Primo de Rivera will be exhumed on Monday from the Cuelgamuros Valley
The Government has set April 24 as the date on which the exhumation of José Antonio Primo de Rivera from inside the Basilica of the Valley of the Fallen will proceed, according to sources from the Executive branch confirmed to this newspaper.. The remains of the founder of the Falange are buried in a tomb inside the temple a few meters from where Francisco Franco was buried, whose body was also exhumed and relocated to the Mingorrubio (El Pardo) cemetery in October 2019.
The departure of the founder of the Falange de Cuelgamuros, as from now on the Valley of the Fallen will be officially called, is a consequence of the definitive approval of the Democratic Memory Law, which prevents Primo de Rivera from continuing to be buried in that place. And it will be 34 days before the municipal and regional elections are held on May 28.
“It is one more step in the redefinition of the Valley so that no person has a pre-eminent place. It is one more step in what we are doing in the Cuelgamuros Valley so that no person or any ideology that evokes the dictatorship is exalted, as mandated by the Memory Law”, stated Félix Bolaños, Minister of the Presidency , Relations with the Courts and Democratic Memory.
From the Government they refused to give information on how the exhumation will proceed, alluding to “security reasons” and “reasons of family privacy.”
The family of José Antonio Primo de Rivera had gone before the Government and had begun the process to exhume his mortal remains from the Valley of the Fallen.
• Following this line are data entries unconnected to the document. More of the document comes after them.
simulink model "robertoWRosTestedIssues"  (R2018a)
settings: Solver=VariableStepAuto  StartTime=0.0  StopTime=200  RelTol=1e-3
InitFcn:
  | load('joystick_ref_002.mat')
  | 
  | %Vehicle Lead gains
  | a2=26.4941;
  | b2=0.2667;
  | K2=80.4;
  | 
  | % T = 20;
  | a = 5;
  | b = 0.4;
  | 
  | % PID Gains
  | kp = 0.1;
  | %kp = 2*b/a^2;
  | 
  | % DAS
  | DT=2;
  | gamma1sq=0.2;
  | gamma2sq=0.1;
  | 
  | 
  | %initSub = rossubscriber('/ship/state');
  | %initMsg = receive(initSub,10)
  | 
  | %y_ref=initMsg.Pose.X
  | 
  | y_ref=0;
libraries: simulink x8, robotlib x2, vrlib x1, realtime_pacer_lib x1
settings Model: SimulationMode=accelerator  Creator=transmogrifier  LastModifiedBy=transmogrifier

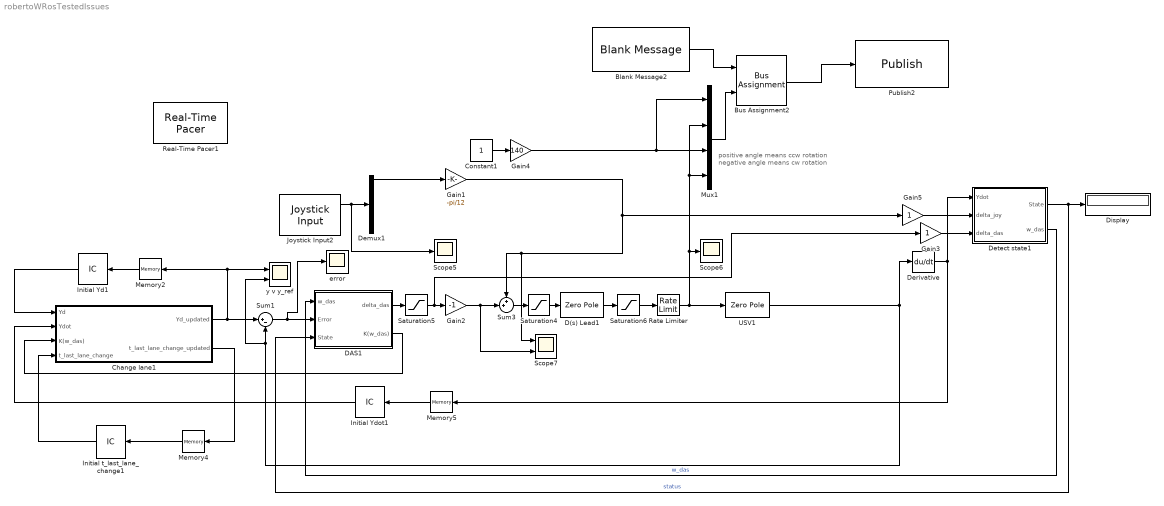
== system robertoWRosTestedIssues ==
  note: positive angle means ccw rotation
      | negative angle means cw rotation
  Blank Message2 : robotlib/Blank Message  SourceLibraryInfo=This block requires Robotics System Toolbox  messageType=usv16_msgs/Usv16ActuatorInputs  SampleTime=inf
      settings: SourceProductBaseCode=RO
  Bus Assignment2 : BusAssignment  AssignedSignals=ActuatorInputs
  Change lane1 : Subsystem
  Constant1 : Constant
  D(s) Lead1 : ZeroPole  Zeros=[-b2]  Poles=[-a2]  Gain=[K2]
  DAS1 : Subsystem
  Demux1 : Demux  Outputs=8
  Derivative : Derivative
  Detect state1 : Subsystem
  Display : Display
  Gain1 : Gain  Gain=-pi/12
  Gain2 : Gain  Gain=-1
  Gain3 : Gain
  Gain4 : Gain  Gain=140
  Gain5 : Gain
  Initial Yd1 : InitialCondition  Value=y_ref
  Initial Ydot1 : InitialCondition  Value=0
  Initial t_last_lane_change1 : InitialCondition  Value=0
  Joystick Input2 : vrlib/Joystick Input  joyid=1  adjustports=on  forcefeed=off
      settings: SourceProductBaseCode=VR
  Memory2 : Memory
  Memory4 : Memory
  Memory5 : Memory
  Mux1 : Mux
  Publish2 : robotlib/Publish  SourceLibraryInfo=This block requires Robotics System Toolbox  topicSource=Select from ROS network  topic=/ship/actuation  messageType=usv16_msgs/Usv16ActuatorInputs  messageQueueLength=1
      settings: SourceProductBaseCode=RO
  Rate Limiter : RateLimiter  RisingSlewLimit=0.5  FallingSlewLimit=-0.5  SampleTimeMode=inherited
  Real-Time Pacer1 : realtime_pacer_lib/Real-Time Pacer  simTimePerRealTime=1
  Saturation4 : Saturate  UpperLimit=pi/12  LowerLimit=-pi/12
  Saturation5 : Saturate  UpperLimit=pi/12  LowerLimit=-pi/12
  Saturation6 : Saturate  UpperLimit=pi/12  LowerLimit=-pi/12
  Scope5 : Scope
  Scope6 : Scope
  Scope7 : Scope  NumInputPorts=2
  Sum1 : Sum  Inputs=|+-
  Sum3 : Sum  Inputs=++|
  USV1 : ZeroPole  Zeros=[]  Poles=[0 0 -3]  Gain=[2]
  error : Scope
  y v y_ref : Scope  NumInputPorts=2
  wires:
  Initial t_last_lane_change1/1 -> Change lane1/4(t_last_lane_change)
  Initial Ydot1/1 -> Change lane1/2(Ydot)
  Initial Yd1/1 -> Change lane1/1(Yd)
  D(s) Lead1/1 -> Saturation6/1
  Change lane1/2(t_last_lane_change_updated) -> Memory4/1
  Memory5/1 -> Initial Ydot1/1
  Memory4/1 -> Initial t_last_lane_change1/1
  Memory2/1 -> Initial Yd1/1
  Sum1/1 -> error/1, DAS1/2(Error)
  Saturation4/1 -> D(s) Lead1/1
  Demux1/1 -> Gain1/1
  USV1/1 -> Derivative/1, y v y_ref/2, Sum1/2
  Change lane1/1(Yd_updated) -> Memory2/1, y v y_ref/1, Sum1/1
  Joystick Input2/1 -> Scope5/1, Demux1/1
  DAS1/2(K(w_das)) -> Change lane1/3(K(w_das))
  Sum3/1 -> Saturation4/1
  Detect state1/1(State) -> Display/1, DAS1/3(State)  "status"
  Detect state1/2(w_das) -> DAS1/1(w_das)  "w_das"
  Blank Message2/1 -> Bus Assignment2/1
  Saturation6/1 -> Rate Limiter/1
  Mux1/1 -> Bus Assignment2/2
  Gain4/1 -> Mux1/1, Mux1/3
  Bus Assignment2/1 -> Publish2/1
  Constant1/1 -> Gain4/1
  DAS1/1(delta_das) -> Saturation5/1
  Rate Limiter/1 -> USV1/1, Scope6/1, Mux1/4, Mux1/2
  Gain1/1 -> Gain5/1, Scope7/1, Sum3/1
  Saturation5/1 -> Gain3/1, Gain2/1
  Gain5/1 -> Detect state1/2(delta_joy)
  Gain3/1 -> Detect state1/3(delta_das)
  Derivative/1 -> Memory5/1, Detect state1/1(Ydot)
  Gain2/1 -> Scope7/2, Sum3/2

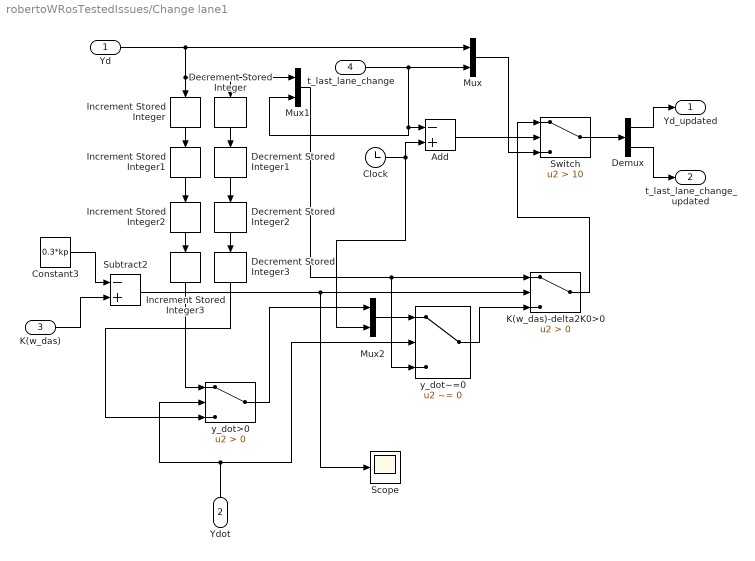
== system robertoWRosTestedIssues/Change lane1 ==
  Yd : Inport
  Ydot : Inport  Port=2
  K(w_das) : Inport  Port=3
  t_last_lane_change : Inport  Port=4
  Add : Sum  Inputs=-+
  Clock : Clock
  Constant3 : Constant  Value=0.3*kp
  Decrement Stored Integer{,1..3} (4 alike) : simulink/Additional Math & Discrete/Additional Math: Increment - Decrement/Decrement Stored Integer
      settings: SourceProductName=Simulink  SourceProductBaseCode=SL
  Demux : Demux  Outputs=2
  Increment Stored Integer{,1..3} (4 alike) : simulink/Additional Math & Discrete/Additional Math: Increment - Decrement/Increment Stored Integer
      settings: SourceProductName=Simulink
  K(w_das)-delta2K0>0 : Switch  Criteria=u2 > Threshold  ZeroCross=off
  Mux : Mux  Inputs=2
  Mux1 : Mux  Inputs=2
  Mux2 : Mux  Inputs=2
  Scope : Scope
  Subtract2 : Sum  Inputs=-+
  Switch : Switch  Criteria=u2 > Threshold  Threshold=10
  y_dot>0 : Switch  Criteria=u2 > Threshold
  y_dot~=0 : Switch  Criteria=u2 ~= 0
  Yd_updated : Outport
  t_last_lane_change_updated : Outport  Port=2
  wires:
  Increment Stored Integer/1 -> Increment Stored Integer1/1
  y_dot>0/1 -> Mux2/1
  K(w_das)/1 -> Subtract2/2
  Yd/1 -> Mux/1, Mux1/1, Decrement Stored Integer/1, Increment Stored Integer/1
  y_dot~=0/1 -> K(w_das)-delta2K0>0/3
  Constant3/1 -> Subtract2/1
  Ydot/1 -> y_dot~=0/2, y_dot>0/2
  Decrement Stored Integer/1 -> Decrement Stored Integer1/1
  Clock/1 -> Mux2/2, Add/2
  t_last_lane_change/1 -> Mux1/2, Add/1, Mux/2
  Add/1 -> Switch/2
  K(w_das)-delta2K0>0/1 -> Switch/1
  Mux/1 -> Switch/3
  Switch/1 -> Demux/1
  Demux/1 -> Yd_updated/1
  Demux/2 -> t_last_lane_change_updated/1
  Mux1/1 -> K(w_das)-delta2K0>0/1, y_dot~=0/3
  Mux2/1 -> y_dot~=0/1
  Subtract2/1 -> Scope/1, K(w_das)-delta2K0>0/2
  Increment Stored Integer1/1 -> Increment Stored Integer2/1
  Increment Stored Integer2/1 -> Increment Stored Integer3/1
  Increment Stored Integer3/1 -> y_dot>0/1
  Decrement Stored Integer1/1 -> Decrement Stored Integer2/1
  Decrement Stored Integer2/1 -> Decrement Stored Integer3/1
  Decrement Stored Integer3/1 -> y_dot>0/3

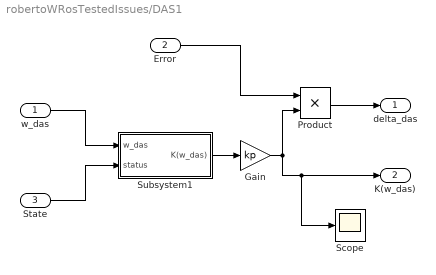
== system robertoWRosTestedIssues/DAS1 ==
  w_das : Inport
  Error : Inport  Port=2
  State : Inport  Port=3
  Gain : Gain  Gain=kp
  Product : Product
  Scope : Scope
  Subsystem1 : Subsystem
  delta_das : Outport
  K(w_das) : Outport  Port=2
  wires:
  Product/1 -> delta_das/1
  Error/1 -> Product/1
  State/1 -> Subsystem1/2(status)
  Subsystem1/1(K(w_das)) -> Gain/1
  Gain/1 -> Product/2, Scope/1, K(w_das)/1
  w_das/1 -> Subsystem1/1(w_das)

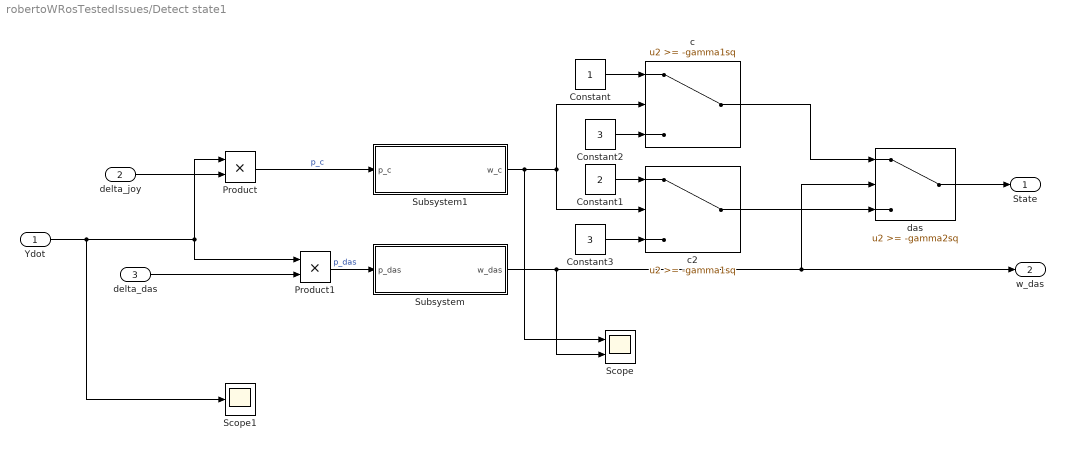
== system robertoWRosTestedIssues/Detect state1 ==
  Ydot : Inport
  delta_joy : Inport  Port=2
  delta_das : Inport  Port=3
  Constant : Constant
  Constant1 : Constant  Value=2
  Constant2 : Constant  Value=3
  Constant3 : Constant  Value=3
  Product : Product
  Product1 : Product
  Scope : Scope  NumInputPorts=2
  Scope1 : Scope
  Subsystem : Subsystem
  Subsystem1 : Subsystem
  c : Switch  Threshold=-gamma1sq
  c2 : Switch  Threshold=-gamma1sq
  das : Switch  Threshold=-gamma2sq
  State : Outport
  w_das : Outport  Port=2
  wires:
  Ydot/1 -> Scope1/1, Product/1, Product1/1
  delta_joy/1 -> Product/2
  delta_das/1 -> Product1/2
  Product/1 -> Subsystem1/1(p_c)  "p_c"
  Product1/1 -> Subsystem/1(p_das)  "p_das"
  Subsystem/1(w_das) -> Scope/2, w_das/1, das/2
  Subsystem1/1(w_c) -> Scope/1, c2/2, c/2
  Constant/1 -> c/1
  c/1 -> das/1
  Constant1/1 -> c2/1
  c2/1 -> das/3
  Constant3/1 -> c2/3
  Constant2/1 -> c/3
  das/1 -> State/1

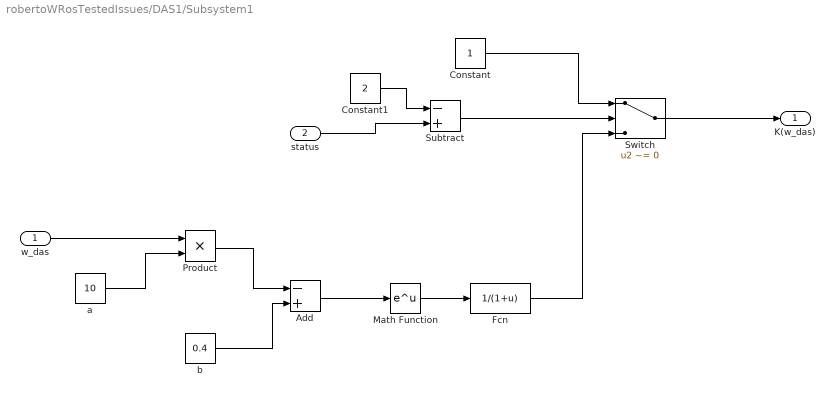
== system robertoWRosTestedIssues/DAS1/Subsystem1 ==
  w_das : Inport
  status : Inport  Port=2
  Add : Sum  Inputs=-+
  Constant : Constant
  Constant1 : Constant  Value=2
  Fcn : Fcn  Expr=1/(1+u)
  Math Function : Math  SaturateOnIntegerOverflow=on
  Product : Product
  Subtract : Sum  Inputs=-+
  Switch : Switch  Criteria=u2 ~= 0
  a : Constant  Value=10
  b : Constant  Value=0.4
  K(w_das) : Outport
  wires:
  w_das/1 -> Product/1
  a/1 -> Product/2
  Product/1 -> Add/1
  b/1 -> Add/2
  Add/1 -> Math Function/1
  Math Function/1 -> Fcn/1
  Fcn/1 -> Switch/3
  Constant/1 -> Switch/1
  Switch/1 -> K(w_das)/1
  Constant1/1 -> Subtract/1
  status/1 -> Subtract/2
  Subtract/1 -> Switch/2

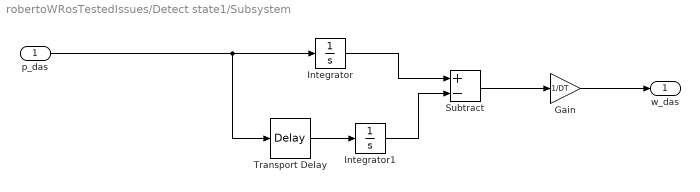
== system robertoWRosTestedIssues/Detect state1/Subsystem ==
  p_das : Inport
  Gain : Gain  Gain=1/DT
  Integrator : Integrator
  Integrator1 : Integrator
  Subtract : Sum  Inputs=+-
  Transport Delay : TransportDelay  DelayTime=DT
  w_das : Outport
  wires:
  Subtract/1 -> Gain/1
  Gain/1 -> w_das/1
  Transport Delay/1 -> Integrator1/1
  Integrator1/1 -> Subtract/2
  Integrator/1 -> Subtract/1
  p_das/1 -> Transport Delay/1, Integrator/1

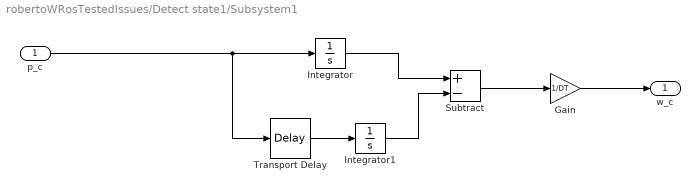
== system robertoWRosTestedIssues/Detect state1/Subsystem1 ==
  p_c : Inport
  Gain : Gain  Gain=1/DT
  Integrator : Integrator
  Integrator1 : Integrator
  Subtract : Sum  Inputs=+-
  Transport Delay : TransportDelay  DelayTime=DT
  w_c : Outport
  wires:
  p_c/1 -> Integrator/1, Transport Delay/1
  Integrator/1 -> Subtract/1
  Integrator1/1 -> Subtract/2
  Transport Delay/1 -> Integrator1/1
  Gain/1 -> w_c/1
  Subtract/1 -> Gain/1

Thus, their descendants had requested the different administrative and legal procedures to do so and avoid “a public display” and “humiliation” by the Executive, according to a statement six months ago.
€8,630
The budget for the removal of the granite slab under which the remains of Primo de Rivera lie and its replacement by six black marble slabs amounts to 8,630 euros, according to the municipal act that authorized the works, reports Efe
A few days after the definitive approval of the Law of Democratic Memory and before its entry into force, the relatives of Primo de Rivera contacted the abbot of Valle de los Caídos and the General Directorate of Public Health of the Community of Madrid and requested to the City Council of San Lorenzo de El Escorial the necessary permits to take the remains of the founder of the Falange to the San Isidro cemetery in Madrid.
As the nephews explained in a statement, they did it to comply with the will of their uncle to be buried in a sacred cemetery and in accordance with the Catholic rite.. His request was met by the San Lorenzo de El Escorial City Council last month, when it approved the urban planning license for the removal of the tombstone.
The date chosen for the exhumation coincides with the day that will mark the 120th anniversary of the birth in Madrid of the founder of the Falange.
Primo de Rivera was shot by Republican combatants, during the Civil War, on November 20, 1936, and after various vicissitudes his remains were taken to the Valley of the Fallen in 1959, after the inauguration of the compound that Francisco Franco ordered to be built, presided over by a gigantic stone cross.
His tomb is the only individual that remains in the mausoleum after the transfer of Franco, since the more than 33,000 buried, combatants from both sides of the Civil War, who rest in the columbariums outside the temple are in collective locations.
Also under the mandate of the Law of Memory, in the early hours of November 3, the remains of the Francoist general Gonzalo Queipo de Llano and his wife Genoveva Martí were exhumed.